Assigned task
The answer must be an exact copy of the entries below, with no images in it.

Stored data

________________________

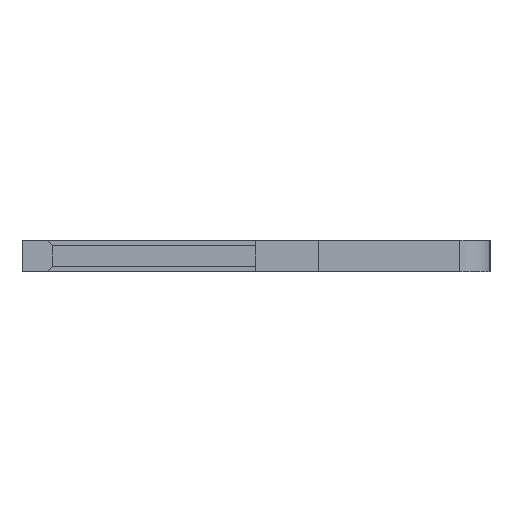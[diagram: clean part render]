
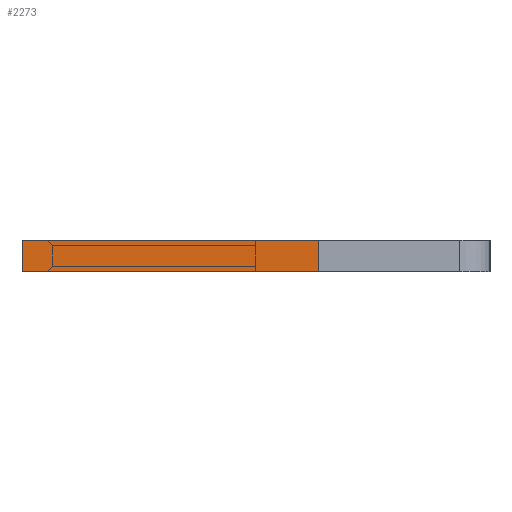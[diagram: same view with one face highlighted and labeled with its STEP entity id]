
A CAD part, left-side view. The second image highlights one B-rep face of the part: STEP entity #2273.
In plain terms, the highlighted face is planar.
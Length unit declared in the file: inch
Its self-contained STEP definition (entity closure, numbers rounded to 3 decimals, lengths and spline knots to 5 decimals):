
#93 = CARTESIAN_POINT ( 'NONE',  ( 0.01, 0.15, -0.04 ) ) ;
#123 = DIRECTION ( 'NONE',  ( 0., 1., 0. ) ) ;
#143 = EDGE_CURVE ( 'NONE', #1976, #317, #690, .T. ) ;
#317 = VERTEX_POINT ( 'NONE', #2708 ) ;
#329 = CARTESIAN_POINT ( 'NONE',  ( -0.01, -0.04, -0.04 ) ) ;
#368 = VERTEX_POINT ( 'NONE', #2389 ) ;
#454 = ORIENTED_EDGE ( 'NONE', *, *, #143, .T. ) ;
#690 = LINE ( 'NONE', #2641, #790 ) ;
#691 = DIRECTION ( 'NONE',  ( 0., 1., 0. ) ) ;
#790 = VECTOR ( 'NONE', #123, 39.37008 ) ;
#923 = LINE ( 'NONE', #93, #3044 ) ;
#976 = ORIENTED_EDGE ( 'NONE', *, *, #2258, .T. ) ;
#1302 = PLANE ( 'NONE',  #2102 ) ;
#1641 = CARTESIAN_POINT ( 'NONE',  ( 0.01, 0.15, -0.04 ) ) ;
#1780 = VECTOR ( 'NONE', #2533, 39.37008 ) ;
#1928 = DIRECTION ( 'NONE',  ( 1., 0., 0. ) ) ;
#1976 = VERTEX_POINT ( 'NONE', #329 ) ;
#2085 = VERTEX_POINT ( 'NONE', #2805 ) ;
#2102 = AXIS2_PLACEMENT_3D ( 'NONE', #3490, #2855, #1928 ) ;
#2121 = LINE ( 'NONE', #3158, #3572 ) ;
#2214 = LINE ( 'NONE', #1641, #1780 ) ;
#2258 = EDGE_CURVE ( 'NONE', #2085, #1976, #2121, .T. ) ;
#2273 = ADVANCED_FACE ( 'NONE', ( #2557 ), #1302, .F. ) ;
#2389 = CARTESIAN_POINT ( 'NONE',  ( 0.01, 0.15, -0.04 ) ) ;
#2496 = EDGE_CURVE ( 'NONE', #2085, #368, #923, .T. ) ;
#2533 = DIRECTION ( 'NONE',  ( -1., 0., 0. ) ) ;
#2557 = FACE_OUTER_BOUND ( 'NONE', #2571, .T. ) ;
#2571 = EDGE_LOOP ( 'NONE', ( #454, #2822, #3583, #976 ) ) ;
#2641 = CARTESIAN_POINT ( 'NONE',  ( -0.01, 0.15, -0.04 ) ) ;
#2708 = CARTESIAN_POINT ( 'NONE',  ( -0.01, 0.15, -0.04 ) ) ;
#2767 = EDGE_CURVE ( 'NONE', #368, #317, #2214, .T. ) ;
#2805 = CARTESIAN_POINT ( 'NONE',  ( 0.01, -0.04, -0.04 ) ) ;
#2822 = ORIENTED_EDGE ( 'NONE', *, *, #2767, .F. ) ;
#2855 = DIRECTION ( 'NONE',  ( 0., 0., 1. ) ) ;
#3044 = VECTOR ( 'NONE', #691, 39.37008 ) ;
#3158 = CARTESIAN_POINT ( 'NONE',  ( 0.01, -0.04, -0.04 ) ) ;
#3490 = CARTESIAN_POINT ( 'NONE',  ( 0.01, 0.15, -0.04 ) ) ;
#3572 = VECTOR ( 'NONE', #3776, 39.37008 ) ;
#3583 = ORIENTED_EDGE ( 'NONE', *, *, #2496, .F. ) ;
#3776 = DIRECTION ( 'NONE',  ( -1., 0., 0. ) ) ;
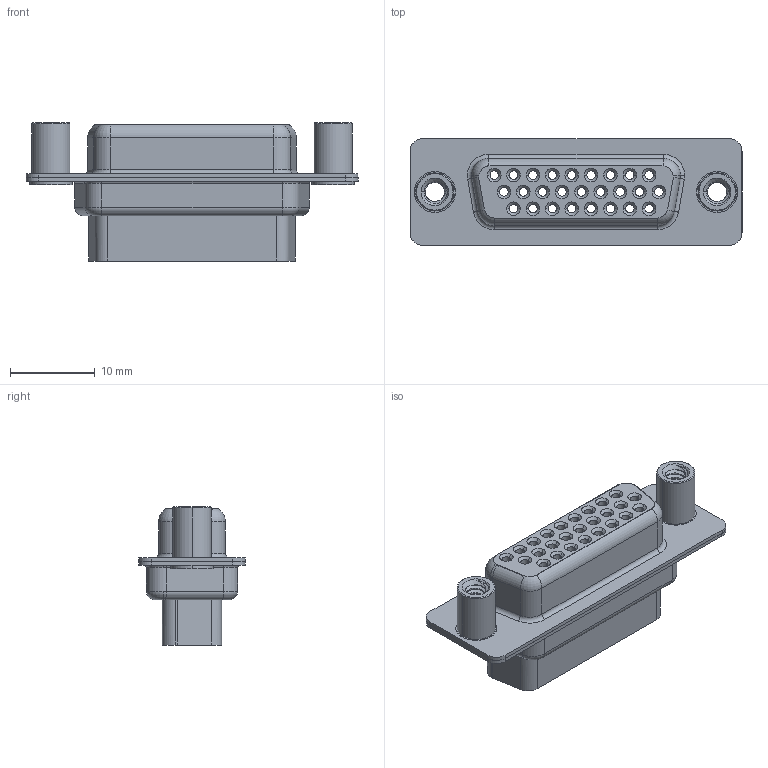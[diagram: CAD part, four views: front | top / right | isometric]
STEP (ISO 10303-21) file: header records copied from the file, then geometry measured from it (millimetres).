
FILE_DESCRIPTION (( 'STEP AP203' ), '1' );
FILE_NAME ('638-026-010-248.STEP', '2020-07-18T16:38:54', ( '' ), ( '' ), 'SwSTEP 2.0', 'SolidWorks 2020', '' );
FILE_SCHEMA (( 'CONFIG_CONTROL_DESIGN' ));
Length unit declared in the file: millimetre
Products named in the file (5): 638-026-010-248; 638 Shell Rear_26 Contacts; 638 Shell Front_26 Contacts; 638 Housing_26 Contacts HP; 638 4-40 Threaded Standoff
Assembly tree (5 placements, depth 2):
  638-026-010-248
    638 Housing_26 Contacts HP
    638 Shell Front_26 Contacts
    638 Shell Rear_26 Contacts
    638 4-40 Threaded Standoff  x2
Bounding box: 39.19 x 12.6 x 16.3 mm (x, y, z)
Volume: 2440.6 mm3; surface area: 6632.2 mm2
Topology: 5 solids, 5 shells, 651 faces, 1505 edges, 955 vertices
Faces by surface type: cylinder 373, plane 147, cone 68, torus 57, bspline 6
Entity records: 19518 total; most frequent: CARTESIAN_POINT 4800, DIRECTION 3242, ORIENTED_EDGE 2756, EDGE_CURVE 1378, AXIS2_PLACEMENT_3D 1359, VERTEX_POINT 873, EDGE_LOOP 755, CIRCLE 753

________________________

Task response
[diagram: clean part render]
[diagram: same view with one face highlighted and labeled with its STEP entity id]
A CAD part, left-side view. The second image highlights one B-rep face of the part: STEP entity #2273.
In plain terms, the highlighted face is planar.
Length unit declared in the file: inch
Its self-contained STEP definition (entity closure, numbers rounded to 3 decimals, lengths and spline knots to 5 decimals):
#93 = CARTESIAN_POINT ( 'NONE',  ( 0.01, 0.15, -0.04 ) ) ;
#123 = DIRECTION ( 'NONE',  ( 0., 1., 0. ) ) ;
#143 = EDGE_CURVE ( 'NONE', #1976, #317, #690, .T. ) ;
#317 = VERTEX_POINT ( 'NONE', #2708 ) ;
#329 = CARTESIAN_POINT ( 'NONE',  ( -0.01, -0.04, -0.04 ) ) ;
#368 = VERTEX_POINT ( 'NONE', #2389 ) ;
#454 = ORIENTED_EDGE ( 'NONE', *, *, #143, .T. ) ;
#690 = LINE ( 'NONE', #2641, #790 ) ;
#691 = DIRECTION ( 'NONE',  ( 0., 1., 0. ) ) ;
#790 = VECTOR ( 'NONE', #123, 39.37008 ) ;
#923 = LINE ( 'NONE', #93, #3044 ) ;
#976 = ORIENTED_EDGE ( 'NONE', *, *, #2258, .T. ) ;
#1302 = PLANE ( 'NONE',  #2102 ) ;
#1641 = CARTESIAN_POINT ( 'NONE',  ( 0.01, 0.15, -0.04 ) ) ;
#1780 = VECTOR ( 'NONE', #2533, 39.37008 ) ;
#1928 = DIRECTION ( 'NONE',  ( 1., 0., 0. ) ) ;
#1976 = VERTEX_POINT ( 'NONE', #329 ) ;
#2085 = VERTEX_POINT ( 'NONE', #2805 ) ;
#2102 = AXIS2_PLACEMENT_3D ( 'NONE', #3490, #2855, #1928 ) ;
#2121 = LINE ( 'NONE', #3158, #3572 ) ;
#2214 = LINE ( 'NONE', #1641, #1780 ) ;
#2258 = EDGE_CURVE ( 'NONE', #2085, #1976, #2121, .T. ) ;
#2273 = ADVANCED_FACE ( 'NONE', ( #2557 ), #1302, .F. ) ;
#2389 = CARTESIAN_POINT ( 'NONE',  ( 0.01, 0.15, -0.04 ) ) ;
#2496 = EDGE_CURVE ( 'NONE', #2085, #368, #923, .T. ) ;
#2533 = DIRECTION ( 'NONE',  ( -1., 0., 0. ) ) ;
#2557 = FACE_OUTER_BOUND ( 'NONE', #2571, .T. ) ;
#2571 = EDGE_LOOP ( 'NONE', ( #454, #2822, #3583, #976 ) ) ;
#2641 = CARTESIAN_POINT ( 'NONE',  ( -0.01, 0.15, -0.04 ) ) ;
#2708 = CARTESIAN_POINT ( 'NONE',  ( -0.01, 0.15, -0.04 ) ) ;
#2767 = EDGE_CURVE ( 'NONE', #368, #317, #2214, .T. ) ;
#2805 = CARTESIAN_POINT ( 'NONE',  ( 0.01, -0.04, -0.04 ) ) ;
#2822 = ORIENTED_EDGE ( 'NONE', *, *, #2767, .F. ) ;
#2855 = DIRECTION ( 'NONE',  ( 0., 0., 1. ) ) ;
#3044 = VECTOR ( 'NONE', #691, 39.37008 ) ;
#3158 = CARTESIAN_POINT ( 'NONE',  ( 0.01, -0.04, -0.04 ) ) ;
#3490 = CARTESIAN_POINT ( 'NONE',  ( 0.01, 0.15, -0.04 ) ) ;
#3572 = VECTOR ( 'NONE', #3776, 39.37008 ) ;
#3583 = ORIENTED_EDGE ( 'NONE', *, *, #2496, .F. ) ;
#3776 = DIRECTION ( 'NONE',  ( -1., 0., 0. ) ) ;
[diagram: CAD part, four views: front | top / right | isometric]
STEP (ISO 10303-21) file: header records copied from the file, then geometry measured from it (millimetres).
FILE_DESCRIPTION (( 'STEP AP203' ), '1' );
FILE_NAME ('638-026-010-248.STEP', '2020-07-18T16:38:54', ( '' ), ( '' ), 'SwSTEP 2.0', 'SolidWorks 2020', '' );
FILE_SCHEMA (( 'CONFIG_CONTROL_DESIGN' ));
Length unit declared in the file: millimetre
Products named in the file (5): 638-026-010-248; 638 Shell Rear_26 Contacts; 638 Shell Front_26 Contacts; 638 Housing_26 Contacts HP; 638 4-40 Threaded Standoff
Assembly tree (5 placements, depth 2):
  638-026-010-248
    638 Housing_26 Contacts HP
    638 Shell Front_26 Contacts
    638 Shell Rear_26 Contacts
    638 4-40 Threaded Standoff  x2
Bounding box: 39.19 x 12.6 x 16.3 mm (x, y, z)
Volume: 2440.6 mm3; surface area: 6632.2 mm2
Topology: 5 solids, 5 shells, 651 faces, 1505 edges, 955 vertices
Faces by surface type: cylinder 373, plane 147, cone 68, torus 57, bspline 6
Entity records: 19518 total; most frequent: CARTESIAN_POINT 4800, DIRECTION 3242, ORIENTED_EDGE 2756, EDGE_CURVE 1378, AXIS2_PLACEMENT_3D 1359, VERTEX_POINT 873, EDGE_LOOP 755, CIRCLE 753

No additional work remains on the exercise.